Detailed Description

The following describes in further detail the embodiments of the present invention with reference to the drawings and examples. The following examples are illustrative of the invention and are not intended to limit the scope of the invention.

In order to make the present invention better understood by those skilled in the art, the following description will clearly and completely describe the technical solutions in the embodiments of the present invention with reference to the accompanying drawings, and it is apparent that the described embodiments are only some embodiments of the present invention, not all embodiments. The components of the embodiments of the present invention generally described and illustrated in the figures herein may be arranged and designed in a wide variety of different configurations. Thus, the following detailed description of the embodiments of the invention, as presented in the figures, is not intended to limit the scope of the invention, as claimed, but is merely representative of selected embodiments of the invention. All other embodiments, which can be made by a person skilled in the art without making any inventive effort, are intended to be within the scope of the present invention.

Examples

As shown in figures 1 to 15 of the drawings,

The manufacturing approach of a inner wall integrative diffusion welding type Laval pipe body, laval pipe body includes inner wall 3, outer wall assembly 17 and inner sheath assembly;

the outer wall assembly 17 comprises an outer wall front section 1, an outer wall rear section 2, an outer wall upper middle section 4 and an outer wall lower middle section 5, and the inner sheath assembly comprises a front inner sheath 10 and a rear inner sheath 11;

The manufacturing method sequentially comprises the following steps:

Step S1, sleeving the front section 1 of the outer wall into the front end of the inner wall 3, and sleeving the rear section 2 of the outer wall into the rear end of the inner wall 3.

Step S2, sleeving the upper middle section 4 of the outer wall into the upper end of the middle part of the inner wall 3, and sleeving the lower middle section 5 of the outer wall into the lower end of the middle part of the inner wall 3.

In step S1 and step S2, the assembly gap between the outer wall assembly 17 and the inner wall 3 is 0.02 to 0.04mm on one side.

And S3, welding the outer wall assembly 17 and the inner wall 3 to form the spray pipe assembly 9 through electron beam welding.
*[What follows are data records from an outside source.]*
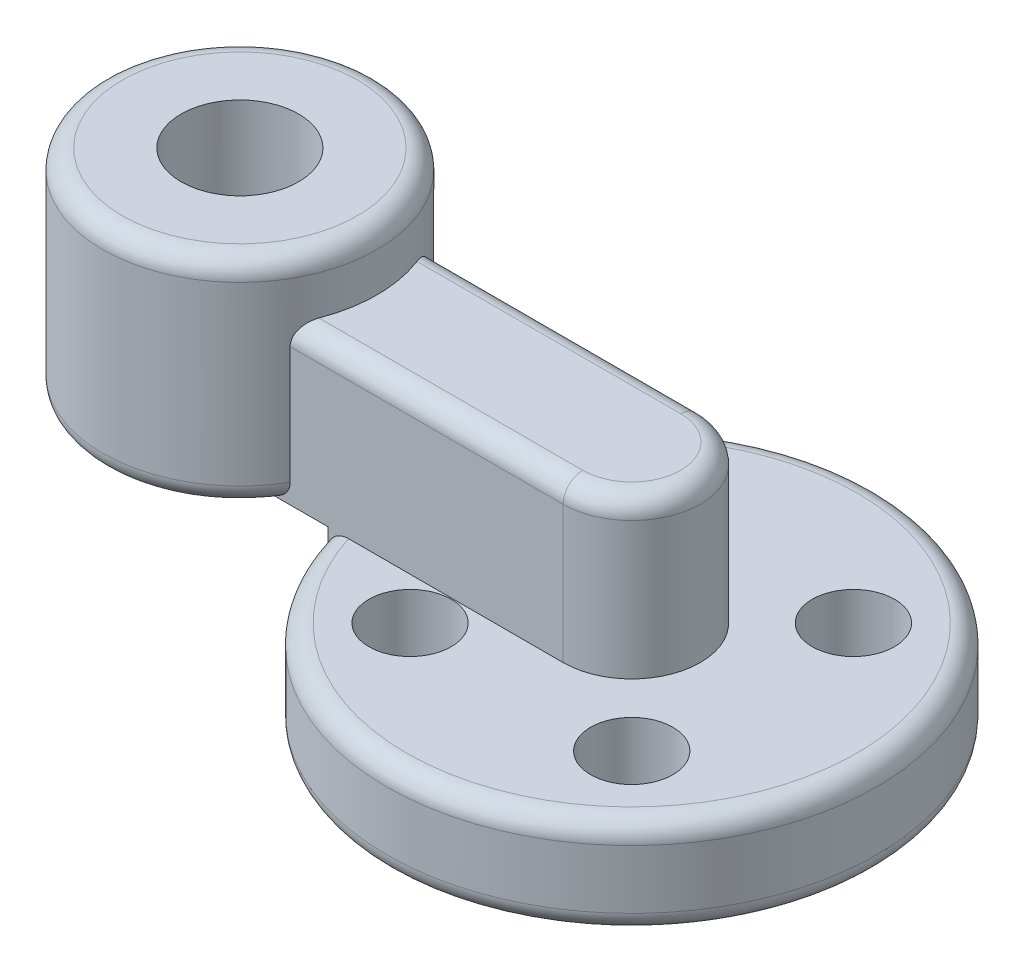
SolidWorks part; units mm, degrees
ref_plane "前视基准面" through (0, 0, 0) normal (0, 0, 1) x (1, 0, 0)
ref_plane "上视基准面" through (0, 0, 0) normal (0, 1, 0) x (1, 0, 0)
ref_plane "右视基准面" through (0, 0, 0) normal (1, 0, 0) x (0, 0, -1)
sketch "草图1" plane through (0, 0, 0) normal (0, 1, 0) x (1, 0, 0)
  circle A0 centre (0, 0) radius 12.5
  dimension "D1" = 25
extrude "凸台-拉伸1" add sketch "草图1" along normal blind 5
sketch "草图2" plane through (0, 5, 0) normal (0, 1, 0) x (1, 0, 0)
  line L0 (0, 0) -> (-20, 0) construction
  line L1 (0, -3.5) -> (-20, -3.5)
  line L2 (0, 3.5) -> (-20, 3.5)
  arc A1 (0, -3.5) -> (0, 3.5) centre (0, 0) ccw
  arc A2 (-20, 3.5) -> (-20, -3.5) centre (-20, 0) ccw
  point P2 (-10, 0)
  dimension "D2" = 3.5
  dimension "D1" = 20
extrude "凸台-拉伸2" add sketch "草图2" along normal blind 8
sketch "草图3" plane through (0, 5, 0) normal (0, 1, 0) x (1, 0, 0)
  line L0 (-5.6569, 5.6569) -> (0, 0) construction
  line L1 (0, 0) -> (0, 8) construction
  circle A0 centre (0, 0) radius 8 construction
  circle A1 centre (-5.6569, 5.6569) radius 1.1
  dimension "D1" = 16
  dimension "D3" = 2.2
  dimension "D2" = 45
extrude "切除-拉伸1" cut sketch "草图3" against normal through all
pattern_circular "阵列(圆周)1" count 4 over 360 about axis through (0, 5, 0) along (0, 1, 0) of "切除-拉伸1"
sketch "草图4" plane through (0, 5, 0) normal (0, 1, 0) x (1, 0, 0)
  circle A0 centre (-5.6569, 5.6569) radius 2.1
  dimension "D1" = 4.2
extrude "切除-拉伸2" cut sketch "草图4" against normal blind 3
pattern_circular "阵列(圆周)2" count 4 over 360 about axis through (0, 5, 0) along (0, -1, 0) of "切除-拉伸2"
sketch "草图5" plane through (0, 13, 0) normal (0, 1, 0) x (1, 0, 0)
  circle A0 centre (-20, 0) radius 7
  dimension "D1" = 14
extrude "凸台-拉伸3" add sketch "草图5" along normal blind 3 and the other way up to surface (8 mm away) other way up to face at (-17, 5, 0)
sketch "草图6" plane through (0, 16, 0) normal (0, 1, 0) x (1, 0, 0)
  circle A0 centre (-20, 0) radius 3
  dimension "D1" = 6
extrude "切除-拉伸3" cut sketch "草图6" against normal through all
sketch "草图7" plane through (0, 5, 0) normal (0, -1, 0) x (1, 0, 0)
  circle A0 centre (-20, 0) radius 5.25
  dimension "D1" = 10.5
extrude "切除-拉伸4" cut sketch "草图7" against normal blind 6
fillet "圆角1" radius 1 6 edges at (-6.9689, 13, -3.5) (3.5, 13, 0) (0, 0, 12.5) (-27, 5, 0) (-6.9689, 13, 3.5) (-20, 16, 7)
fillet "圆角2" radius 1 1 edges at (12.5, 5, 0)

In step S3, a first electron beam circumferential seam 6 is provided between the rear end of the outer wall front section 1 and the front ends of the outer wall upper middle section 4 and the outer wall lower middle section 5, respectively;

a second electron beam circumferential seam 7 is arranged between the front end of the outer wall rear section 2 and the rear ends of the outer wall upper middle section 4 and the outer wall lower middle section 5 respectively;

A third electron beam circumferential gap 8 is arranged between the upper middle section 4 of the outer wall and the lower middle section 5 of the outer wall.

Step S4, inserting the front inner sheath 10 into the front inner side of the nozzle assembly 9, and inserting the rear inner sheath 11 into the rear inner side of the nozzle assembly 9.

In step S4, the gap between the inner jacket assembly and the inner wall 3 is 0.2mm on one side.

And S5, welding the spray pipe assembly 9, the inner sheath assembly and the exhaust pipe 12 together through argon arc welding.

In step S5, a first argon arc welding circumferential seam 13 is provided between the front end of the front inner sheath 10 and the front inner side of the nozzle assembly 9;

A second argon arc welding circular seam 14 is arranged between the rear end of the front inner sheath 10 and the front end of the rear inner sheath 11;

a third argon arc welding circular seam 15 is arranged between the rear end of the rear inner sheath 11 and the inner side of the rear end of the spray pipe assembly 9;

A fourth argon arc welding circular seam 16 is arranged between the outer side of the front end of the spray pipe assembly 9 and the bottom of the exhaust pipe 12;

A fourth argon arc welding circular seam 16 is arranged between the outer side of the rear end of the spray pipe combination body 9 and the bottom of the exhaust pipe 12.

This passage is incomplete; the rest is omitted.